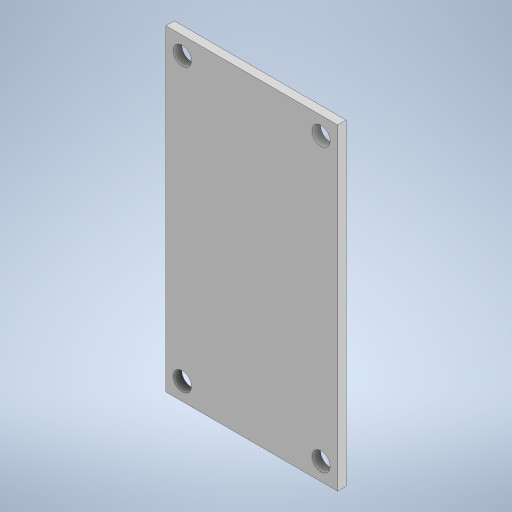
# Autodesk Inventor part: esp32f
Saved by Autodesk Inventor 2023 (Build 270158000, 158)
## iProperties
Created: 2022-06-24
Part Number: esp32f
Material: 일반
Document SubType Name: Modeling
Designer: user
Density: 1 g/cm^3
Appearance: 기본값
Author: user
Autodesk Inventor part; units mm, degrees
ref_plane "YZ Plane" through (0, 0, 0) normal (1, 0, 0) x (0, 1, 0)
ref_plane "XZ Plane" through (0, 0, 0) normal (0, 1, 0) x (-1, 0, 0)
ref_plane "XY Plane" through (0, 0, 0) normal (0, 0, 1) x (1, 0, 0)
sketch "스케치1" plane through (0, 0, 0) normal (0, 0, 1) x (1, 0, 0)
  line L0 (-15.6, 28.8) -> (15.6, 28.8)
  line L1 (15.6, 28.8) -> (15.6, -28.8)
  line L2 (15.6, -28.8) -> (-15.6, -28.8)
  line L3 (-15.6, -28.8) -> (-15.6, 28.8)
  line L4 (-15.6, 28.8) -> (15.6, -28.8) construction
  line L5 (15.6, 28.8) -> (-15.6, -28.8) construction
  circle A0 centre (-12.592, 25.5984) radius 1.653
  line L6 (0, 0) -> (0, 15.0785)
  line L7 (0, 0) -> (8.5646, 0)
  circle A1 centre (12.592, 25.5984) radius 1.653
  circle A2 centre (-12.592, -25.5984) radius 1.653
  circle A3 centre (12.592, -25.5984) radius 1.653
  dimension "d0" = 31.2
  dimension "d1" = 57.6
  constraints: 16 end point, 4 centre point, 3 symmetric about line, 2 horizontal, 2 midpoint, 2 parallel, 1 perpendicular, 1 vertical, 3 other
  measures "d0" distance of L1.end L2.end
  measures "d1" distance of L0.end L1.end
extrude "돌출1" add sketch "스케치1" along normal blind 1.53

◆ **Activity**: From the entries above, write out only the lines starting at the line that holds "## iProperties" and ending at the line that holds "line L0 (-15.6, 28.8) -> (15.6, 28.8)", keeping both and matching them exactly.

◆ **Result**:
## iProperties
Created: 2022-06-24
Part Number: esp32f
Material: 일반
Document SubType Name: Modeling
Designer: user
Density: 1 g/cm^3
Appearance: 기본값
Author: user
Autodesk Inventor part; units mm, degrees
ref_plane "YZ Plane" through (0, 0, 0) normal (1, 0, 0) x (0, 1, 0)
ref_plane "XZ Plane" through (0, 0, 0) normal (0, 1, 0) x (-1, 0, 0)
ref_plane "XY Plane" through (0, 0, 0) normal (0, 0, 1) x (1, 0, 0)
sketch "스케치1" plane through (0, 0, 0) normal (0, 0, 1) x (1, 0, 0)
  line L0 (-15.6, 28.8) -> (15.6, 28.8)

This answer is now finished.